A robust disaster recovery strategy includes continuous monitoring. Key areas to monitor:

etcd Cluster Health: Ensure all etcd members are healthy and responsive.
Patroni Status: Monitor Patroni logs for any errors or warnings related to cluster management or PostgreSQL. Use patronictl list regularly.
PostgreSQL Replication Lag: While Patroni manages failover, significant replication lag can still impact user experience. Monitor pg_stat_replication on the primary.
HAProxy Health Checks: Monitor the HAProxy stats page for backend server status.
Application Logs: Keep an eye on WordPress and web server logs for any unusual activity or errors.
DigitalOcean Monitoring: Utilize DigitalOcean’s built-in Droplet and resource monitoring for CPU, memory, disk I/O, and network traffic.

Automated Backups

While HA provides resilience against node failures, it does not protect against data corruption or accidental deletion. Implement a robust backup strategy for your PostgreSQL database. Tools like pg_dump, pg_basebackup with WAL archiving, or managed backup solutions can be used. Ensure backups are stored off-site or in a separate availability zone.
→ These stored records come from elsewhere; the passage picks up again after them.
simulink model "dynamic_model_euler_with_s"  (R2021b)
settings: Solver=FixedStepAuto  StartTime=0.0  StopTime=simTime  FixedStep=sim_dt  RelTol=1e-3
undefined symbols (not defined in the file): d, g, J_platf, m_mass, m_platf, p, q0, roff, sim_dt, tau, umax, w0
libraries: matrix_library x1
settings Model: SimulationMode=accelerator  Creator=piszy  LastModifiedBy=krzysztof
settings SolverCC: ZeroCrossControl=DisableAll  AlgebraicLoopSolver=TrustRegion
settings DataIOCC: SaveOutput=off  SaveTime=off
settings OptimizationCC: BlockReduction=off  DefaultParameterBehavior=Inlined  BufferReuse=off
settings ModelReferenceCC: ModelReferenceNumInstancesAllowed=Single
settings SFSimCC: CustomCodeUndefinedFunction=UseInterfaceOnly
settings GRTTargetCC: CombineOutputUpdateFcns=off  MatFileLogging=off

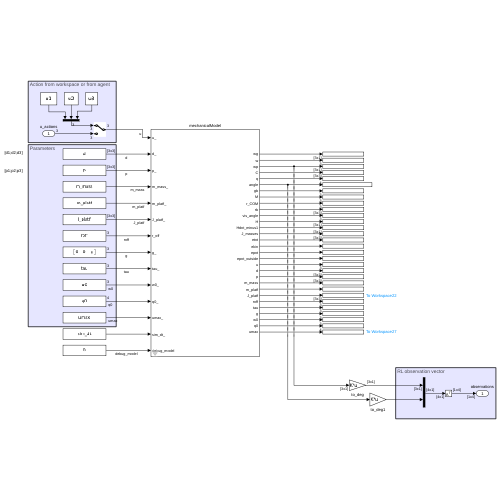
[thumbnail: Simulink's stored preview of the top-level diagram]
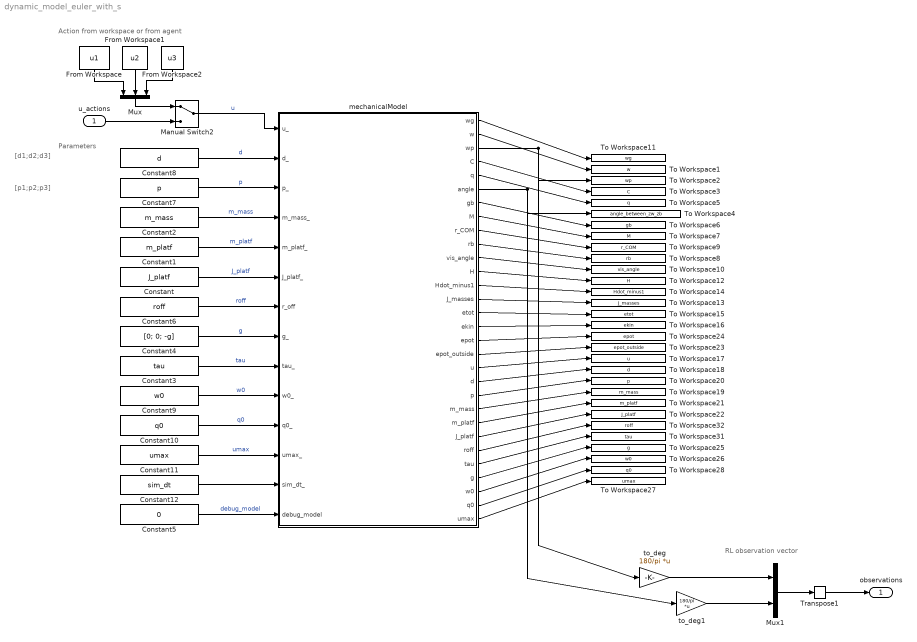
== system dynamic_model_euler_with_s ==
  note: Parameters
  note: Action from workspace or from agent
  note: RL observation vector
  note: [p1;p2;p3]
  note: [d1;d2;d3]
  u_actions : Inport  PortDimensions=[3]
  Constant : Constant  Value=J_platf
  Constant1 : Constant  Value=m_platf
  Constant10 : Constant  Value=q0
  Constant11 : Constant  Value=umax
  Constant12 : Constant  Value=sim_dt
  Constant2 : Constant  Value=m_mass
  Constant3 : Constant  Value=tau
  Constant4 : Constant  Value=[0; 0; -g]
  Constant5 : Constant  Value=0
  Constant6 : Constant  Value=roff
  Constant7 : Constant  Value=p
  Constant8 : Constant  Value=d
  Constant9 : Constant  Value=w0
  From Workspace : FromWorkspace  VariableName=u1
  From Workspace1 : FromWorkspace  VariableName=u2
  From Workspace2 : FromWorkspace  VariableName=u3
  Manual Switch2 : ManualSwitch
  Mux : Mux  Inputs=3
  Mux1 : Mux  Inputs=2
  To Workspace1 : ToWorkspace  VariableName=w  SampleTime=-1
  To Workspace10 : ToWorkspace  VariableName=vis_angle  SampleTime=-1
  To Workspace11 : ToWorkspace  VariableName=wg  SampleTime=-1
  To Workspace12 : ToWorkspace  VariableName=H  SampleTime=-1
  To Workspace13 : ToWorkspace  VariableName=J_masses  SampleTime=-1
  To Workspace14 : ToWorkspace  VariableName=Hdot_minus1  SampleTime=-1
  To Workspace15 : ToWorkspace  VariableName=etot  SampleTime=-1
  To Workspace16 : ToWorkspace  VariableName=ekin  SampleTime=-1
  To Workspace17 : ToWorkspace  VariableName=u  SampleTime=-1
  To Workspace18 : ToWorkspace  VariableName=d  SampleTime=-1
  To Workspace19 : ToWorkspace  VariableName=m_mass  SampleTime=-1
  To Workspace2 : ToWorkspace  VariableName=wp  SampleTime=-1
  To Workspace20 : ToWorkspace  VariableName=p  SampleTime=-1
  To Workspace21 : ToWorkspace  VariableName=m_platf  SampleTime=-1
  To Workspace22 : ToWorkspace  VariableName=J_platf  SampleTime=-1
  To Workspace23 : ToWorkspace  VariableName=epot_outside  SampleTime=-1
  To Workspace24 : ToWorkspace  VariableName=epot  SampleTime=-1
  To Workspace25 : ToWorkspace  VariableName=g  SampleTime=-1
  To Workspace26 : ToWorkspace  VariableName=w0  SampleTime=-1
  To Workspace27 : ToWorkspace  VariableName=umax  SampleTime=-1
  To Workspace28 : ToWorkspace  VariableName=q0  SampleTime=-1
  To Workspace3 : ToWorkspace  VariableName=C  SampleTime=-1
  To Workspace31 : ToWorkspace  VariableName=tau  SampleTime=-1
  To Workspace32 : ToWorkspace  VariableName=roff  SampleTime=-1
  To Workspace4 : ToWorkspace  VariableName=angle_between_zw_zb  SampleTime=-1
  To Workspace5 : ToWorkspace  VariableName=q  SampleTime=-1
  To Workspace6 : ToWorkspace  VariableName=gb  SampleTime=-1
  To Workspace7 : ToWorkspace  VariableName=M  SampleTime=-1
  To Workspace8 : ToWorkspace  VariableName=rb  SampleTime=-1
  To Workspace9 : ToWorkspace  VariableName=r_COM  SampleTime=-1
  Transpose1 : matrix_library/Transpose
      settings: SourceProductBaseCode=SL
  mechanicalModel : Subsystem
      mask help: Simulink:masks:GenSFuncDesc_MD
      mask Help: eval('feval(''rtwprivate'',''rtwhelpview'',''rtw_sfcn_block'')');
  to_deg : Gain  Gain=180/pi  Multiplication=Matrix(K*u)
  to_deg1 : Gain  Gain=180/pi  Multiplication=Matrix(K*u)
  observations : Outport
  wires:
  From Workspace/1 -> Mux/1
  From Workspace1/1 -> Mux/2
  From Workspace2/1 -> Mux/3
  Mux/1 -> Manual Switch2/1
  Manual Switch2/1 -> mechanicalModel/1(u_)  "u"
  u_actions/1 -> Manual Switch2/2
  Mux1/1 -> Transpose1/1
  Transpose1/1 -> observations/1
  Constant2/1 -> mechanicalModel/4(m_mass_)  "m_mass"
  Constant5/1 -> mechanicalModel/14(debug_model)  "debug_model"
  Constant8/1 -> mechanicalModel/2(d_)  "d"
  Constant7/1 -> mechanicalModel/3(p_)  "p"
  Constant1/1 -> mechanicalModel/5(m_platf_)  "m_platf"
  Constant3/1 -> mechanicalModel/9(tau_)  "tau"
  Constant6/1 -> mechanicalModel/7(r_off)  "roff"
  Constant4/1 -> mechanicalModel/8(g_)  "g"
  Constant/1 -> mechanicalModel/6(J_platf_)  "J_platf"
  mechanicalModel/6(angle) -> to_deg1/1, To Workspace4/1
  mechanicalModel/3(wp) -> to_deg/1, To Workspace2/1
  to_deg/1 -> Mux1/1
  to_deg1/1 -> Mux1/2
  Constant9/1 -> mechanicalModel/10(w0_)  "w0"
  Constant10/1 -> mechanicalModel/11(q0_)  "q0"
  Constant11/1 -> mechanicalModel/12(umax_)  "umax"
  Constant12/1 -> mechanicalModel/13(sim_dt_)
  mechanicalModel/1(wg) -> To Workspace11/1
  mechanicalModel/2(w) -> To Workspace1/1
  mechanicalModel/4(C) -> To Workspace3/1
  mechanicalModel/5(q) -> To Workspace5/1
  mechanicalModel/7(gb) -> To Workspace6/1
  mechanicalModel/8(M) -> To Workspace7/1
  mechanicalModel/9(r_COM) -> To Workspace9/1
  mechanicalModel/10(rb) -> To Workspace8/1
  mechanicalModel/11(vis_angle) -> To Workspace10/1
  mechanicalModel/12(H) -> To Workspace12/1
  mechanicalModel/13(Hdot_minus1) -> To Workspace14/1
  mechanicalModel/14(J_masses) -> To Workspace13/1
  mechanicalModel/15(etot) -> To Workspace15/1
  mechanicalModel/16(ekin) -> To Workspace16/1
  mechanicalModel/17(epot) -> To Workspace24/1
  mechanicalModel/18(epot_outside) -> To Workspace23/1
  mechanicalModel/19(u) -> To Workspace17/1
  mechanicalModel/20(d) -> To Workspace18/1
  mechanicalModel/21(p) -> To Workspace20/1
  mechanicalModel/22(m_mass) -> To Workspace19/1
  mechanicalModel/23(m_platf) -> To Workspace21/1
  mechanicalModel/24(J_platf) -> To Workspace22/1
  mechanicalModel/25(roff) -> To Workspace32/1
  mechanicalModel/26(tau) -> To Workspace31/1
  mechanicalModel/27(g) -> To Workspace25/1
  mechanicalModel/28(w0) -> To Workspace26/1
  mechanicalModel/29(q0) -> To Workspace28/1
  mechanicalModel/30(umax) -> To Workspace27/1

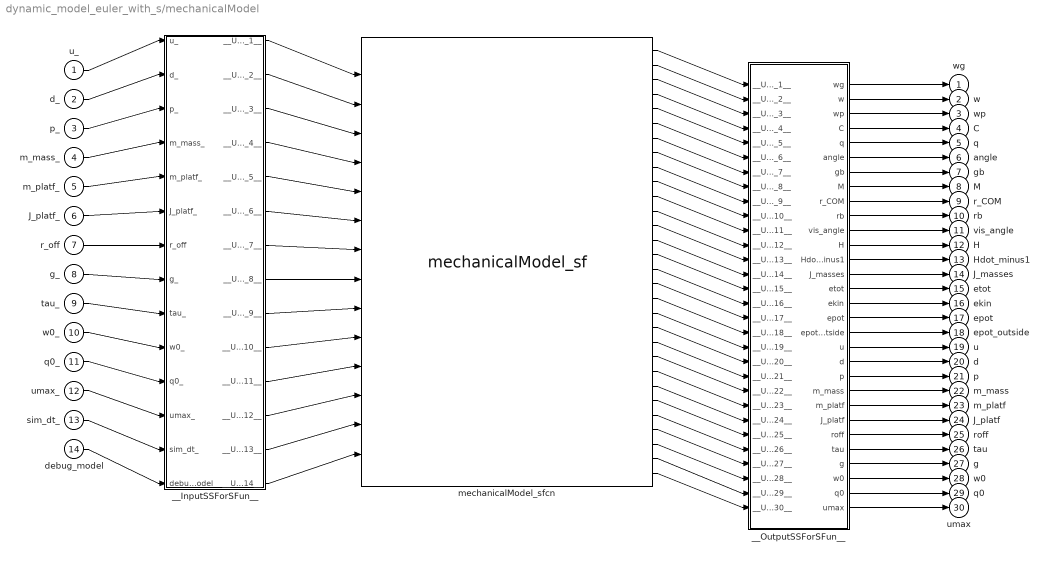
== system dynamic_model_euler_with_s/mechanicalModel ==
  u_ : Inport
  d_ : Inport  Port=2
  p_ : Inport  Port=3
  m_mass_ : Inport  Port=4
  m_platf_ : Inport  Port=5
  J_platf_ : Inport  Port=6
  r_off : Inport  Port=7
  g_ : Inport  Port=8
  tau_ : Inport  Port=9
  w0_ : Inport  Port=10
  q0_ : Inport  Port=11
  umax_ : Inport  Port=12
  sim_dt_ : Inport  Port=13
  debug_model : Inport  Port=14
  __InputSSForSFun__ : Subsystem
  __OutputSSForSFun__ : Subsystem
  mechanicalModel_sfcn : S-Function  FunctionName=mechanicalModel_sf  SFunctionModules=""  SFunctionDeploymentMode=off  EnableBusSupport=off  mask{rtw_sf_name=mechanicalModel_sf, showVar=off}
      mask prompts: rtw_sf_name "Simulink:masks:GenSFuncName_MP"; showVar "Simulink:masks:GenSFuncShowModuleList_MP"
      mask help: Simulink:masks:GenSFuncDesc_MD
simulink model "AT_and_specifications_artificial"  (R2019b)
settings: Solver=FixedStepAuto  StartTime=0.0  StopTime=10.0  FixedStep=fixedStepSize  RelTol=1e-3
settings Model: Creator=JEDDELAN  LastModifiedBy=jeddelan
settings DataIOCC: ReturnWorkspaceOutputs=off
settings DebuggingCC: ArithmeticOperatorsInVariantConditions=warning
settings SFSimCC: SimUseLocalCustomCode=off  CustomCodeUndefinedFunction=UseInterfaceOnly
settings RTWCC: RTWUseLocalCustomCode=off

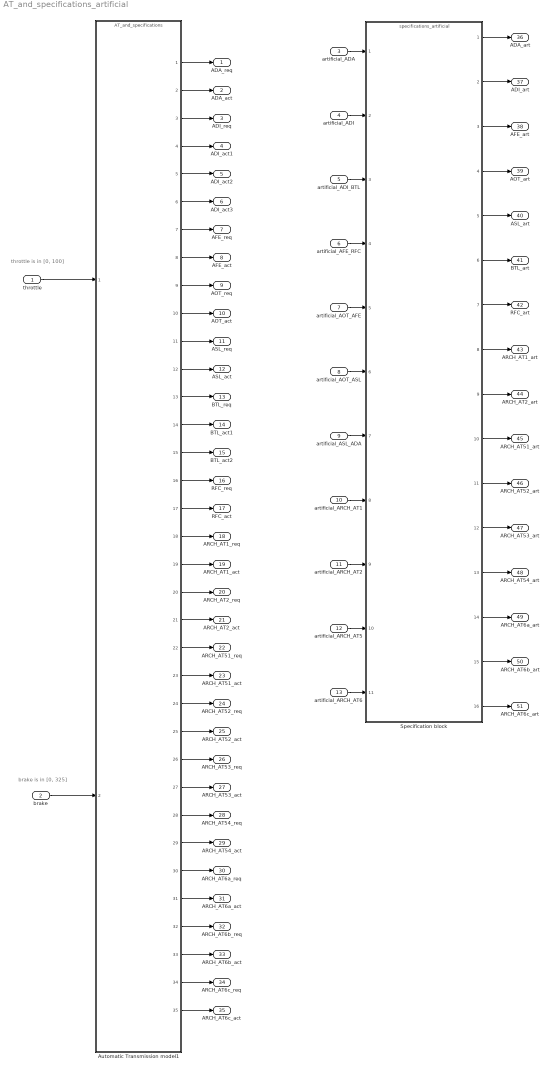
== system AT_and_specifications_artificial ==
  note: throttle is in [0, 100]
  note: brake is in [0, 325]
  throttle : Inport
  brake : Inport  Port=2
  artificial_ADA : Inport  Port=3
  artificial_ADI : Inport  Port=4
  artificial_ADI_BTL : Inport  Port=5
  artificial_AFE_RFC : Inport  Port=6
  artificial_AOT_AFE : Inport  Port=7
  artificial_AOT_ASL : Inport  Port=8
  artificial_ASL_ADA : Inport  Port=9
  artificial_ARCH_AT1 : Inport  Port=10
  artificial_ARCH_AT2 : Inport  Port=11
  artificial_ARCH_AT5 : Inport  Port=12
  artificial_ARCH_AT6 : Inport  Port=13
  Automatic Transmission model1 : ModelReference  ModelNameDialog=AT_and_specifications.slx  SimulationMode=Normal  ModelReferenceVersion=1.30
  Specification block : ModelReference  ModelNameDialog=specifications_artificial  SimulationMode=Normal  ModelReferenceVersion=1.52
  ADA_req : Outport  VectorParamsAs1DForOutWhenUnconnected=off
  ADA_act : Outport  Port=2  VectorParamsAs1DForOutWhenUnconnected=off
  ADI_req : Outport  Port=3  VectorParamsAs1DForOutWhenUnconnected=off
  ADI_act1 : Outport  Port=4  VectorParamsAs1DForOutWhenUnconnected=off
  ADI_act2 : Outport  Port=5  VectorParamsAs1DForOutWhenUnconnected=off
  ADI_act3 : Outport  Port=6  VectorParamsAs1DForOutWhenUnconnected=off
  AFE_req : Outport  Port=7  VectorParamsAs1DForOutWhenUnconnected=off
  AFE_act : Outport  Port=8  VectorParamsAs1DForOutWhenUnconnected=off
  AOT_req : Outport  Port=9  VectorParamsAs1DForOutWhenUnconnected=off
  AOT_act : Outport  Port=10  VectorParamsAs1DForOutWhenUnconnected=off
  ASL_req : Outport  Port=11  VectorParamsAs1DForOutWhenUnconnected=off
  ASL_act : Outport  Port=12  VectorParamsAs1DForOutWhenUnconnected=off
  BTL_req : Outport  Port=13  VectorParamsAs1DForOutWhenUnconnected=off
  BTL_act1 : Outport  Port=14  VectorParamsAs1DForOutWhenUnconnected=off
  BTL_act2 : Outport  Port=15  VectorParamsAs1DForOutWhenUnconnected=off
  RFC_req : Outport  Port=16  VectorParamsAs1DForOutWhenUnconnected=off
  RFC_act : Outport  Port=17  VectorParamsAs1DForOutWhenUnconnected=off
  ARCH_AT1_req : Outport  Port=18  VectorParamsAs1DForOutWhenUnconnected=off
  ARCH_AT1_act : Outport  Port=19  VectorParamsAs1DForOutWhenUnconnected=off
  ARCH_AT2_req : Outport  Port=20  VectorParamsAs1DForOutWhenUnconnected=off
  ARCH_AT2_act : Outport  Port=21  VectorParamsAs1DForOutWhenUnconnected=off
  ARCH_AT51_req : Outport  Port=22  VectorParamsAs1DForOutWhenUnconnected=off
  ARCH_AT51_act : Outport  Port=23  VectorParamsAs1DForOutWhenUnconnected=off
  ARCH_AT52_req : Outport  Port=24  VectorParamsAs1DForOutWhenUnconnected=off
  ARCH_AT52_act : Outport  Port=25  VectorParamsAs1DForOutWhenUnconnected=off
  ARCH_AT53_req : Outport  Port=26  VectorParamsAs1DForOutWhenUnconnected=off
  ARCH_AT53_act : Outport  Port=27  VectorParamsAs1DForOutWhenUnconnected=off
  ARCH_AT54_req : Outport  Port=28  VectorParamsAs1DForOutWhenUnconnected=off
  ARCH_AT54_act : Outport  Port=29  VectorParamsAs1DForOutWhenUnconnected=off
  ARCH_AT6a_req : Outport  Port=30  VectorParamsAs1DForOutWhenUnconnected=off
  ARCH_AT6a_act : Outport  Port=31  VectorParamsAs1DForOutWhenUnconnected=off
  ARCH_AT6b_req : Outport  Port=32  VectorParamsAs1DForOutWhenUnconnected=off
  ARCH_AT6b_act : Outport  Port=33  VectorParamsAs1DForOutWhenUnconnected=off
  ARCH_AT6c_req : Outport  Port=34  VectorParamsAs1DForOutWhenUnconnected=off
  ARCH_AT6c_act : Outport  Port=35  VectorParamsAs1DForOutWhenUnconnected=off
  ADA_art : Outport  Port=36  VectorParamsAs1DForOutWhenUnconnected=off
  ADI_art : Outport  Port=37  VectorParamsAs1DForOutWhenUnconnected=off
  AFE_art : Outport  Port=38  VectorParamsAs1DForOutWhenUnconnected=off
  AOT_art : Outport  Port=39  VectorParamsAs1DForOutWhenUnconnected=off
  ASL_art : Outport  Port=40  VectorParamsAs1DForOutWhenUnconnected=off
  BTL_art : Outport  Port=41  VectorParamsAs1DForOutWhenUnconnected=off
  RFC_art : Outport  Port=42  VectorParamsAs1DForOutWhenUnconnected=off
  ARCH_AT1_art : Outport  Port=43  VectorParamsAs1DForOutWhenUnconnected=off
  ARCH_AT2_art : Outport  Port=44  VectorParamsAs1DForOutWhenUnconnected=off
  ARCH_AT51_art : Outport  Port=45  VectorParamsAs1DForOutWhenUnconnected=off
  ARCH_AT52_art : Outport  Port=46  VectorParamsAs1DForOutWhenUnconnected=off
  ARCH_AT53_art : Outport  Port=47  VectorParamsAs1DForOutWhenUnconnected=off
  ARCH_AT54_art : Outport  Port=48  VectorParamsAs1DForOutWhenUnconnected=off
  ARCH_AT6a_art : Outport  Port=49  VectorParamsAs1DForOutWhenUnconnected=off
  ARCH_AT6b_art : Outport  Port=50  VectorParamsAs1DForOutWhenUnconnected=off
  ARCH_AT6c_art : Outport  Port=51  VectorParamsAs1DForOutWhenUnconnected=off
  wires:
  throttle/1 -> Automatic Transmission model1/1
  brake/1 -> Automatic Transmission model1/2
  Automatic Transmission model1/17 -> RFC_act/1
  Automatic Transmission model1/18 -> ARCH_AT1_req/1
  Automatic Transmission model1/19 -> ARCH_AT1_act/1
  Automatic Transmission model1/20 -> ARCH_AT2_req/1
  Automatic Transmission model1/21 -> ARCH_AT2_act/1
  Automatic Transmission model1/35 -> ARCH_AT6c_act/1
  Automatic Transmission model1/34 -> ARCH_AT6c_req/1
  Automatic Transmission model1/33 -> ARCH_AT6b_act/1
  Automatic Transmission model1/32 -> ARCH_AT6b_req/1
  Automatic Transmission model1/31 -> ARCH_AT6a_act/1
  Automatic Transmission model1/30 -> ARCH_AT6a_req/1
  Automatic Transmission model1/29 -> ARCH_AT54_act/1
  Automatic Transmission model1/28 -> ARCH_AT54_req/1
  Automatic Transmission model1/27 -> ARCH_AT53_act/1
  Specification block/3 -> AFE_art/1
  Specification block/2 -> ADI_art/1
  Specification block/1 -> ADA_art/1
  Specification block/4 -> AOT_art/1
  Specification block/5 -> ASL_art/1
  Specification block/6 -> BTL_art/1
  Specification block/7 -> RFC_art/1
  Specification block/8 -> ARCH_AT1_art/1
  Specification block/9 -> ARCH_AT2_art/1
  Specification block/10 -> ARCH_AT51_art/1
  Specification block/11 -> ARCH_AT52_art/1
  Specification block/12 -> ARCH_AT53_art/1
  Specification block/13 -> ARCH_AT54_art/1
  Specification block/14 -> ARCH_AT6a_art/1
  Specification block/15 -> ARCH_AT6b_art/1
  Specification block/16 -> ARCH_AT6c_art/1
  Automatic Transmission model1/26 -> ARCH_AT53_req/1
  Automatic Transmission model1/25 -> ARCH_AT52_act/1
  Automatic Transmission model1/24 -> ARCH_AT52_req/1
  Automatic Transmission model1/23 -> ARCH_AT51_act/1
  Automatic Transmission model1/22 -> ARCH_AT51_req/1
  Automatic Transmission model1/16 -> RFC_req/1
  Automatic Transmission model1/15 -> BTL_act2/1
  Automatic Transmission model1/14 -> BTL_act1/1
  Automatic Transmission model1/13 -> BTL_req/1
  Automatic Transmission model1/12 -> ASL_act/1
  Automatic Transmission model1/11 -> ASL_req/1
  Automatic Transmission model1/10 -> AOT_act/1
  Automatic Transmission model1/9 -> AOT_req/1
  Automatic Transmission model1/8 -> AFE_act/1
  Automatic Transmission model1/7 -> AFE_req/1
  Automatic Transmission model1/6 -> ADI_act3/1
  Automatic Transmission model1/5 -> ADI_act2/1
  Automatic Transmission model1/4 -> ADI_act1/1
  Automatic Transmission model1/3 -> ADI_req/1
  Automatic Transmission model1/2 -> ADA_act/1
  Automatic Transmission model1/1 -> ADA_req/1
  artificial_ADA/1 -> Specification block/1
  artificial_ADI/1 -> Specification block/2
  artificial_ADI_BTL/1 -> Specification block/3
  artificial_AFE_RFC/1 -> Specification block/4
  artificial_AOT_AFE/1 -> Specification block/5
  artificial_AOT_ASL/1 -> Specification block/6
  artificial_ASL_ADA/1 -> Specification block/7
  artificial_ARCH_AT1/1 -> Specification block/8
  artificial_ARCH_AT2/1 -> Specification block/9
  artificial_ARCH_AT5/1 -> Specification block/10
  artificial_ARCH_AT6/1 -> Specification block/11

For WordPress files, regular backups of your web root directory are also essential.

Conclusion

By combining Patroni for PostgreSQL high availability and automated failover with a load-balanced WordPress deployment, you can architect a resilient system on DigitalOcean. This setup minimizes downtime and ensures your application remains available even in the face of infrastructure failures. Continuous monitoring and regular testing of your failover procedures are paramount to maintaining confidence in your disaster recovery capabilities.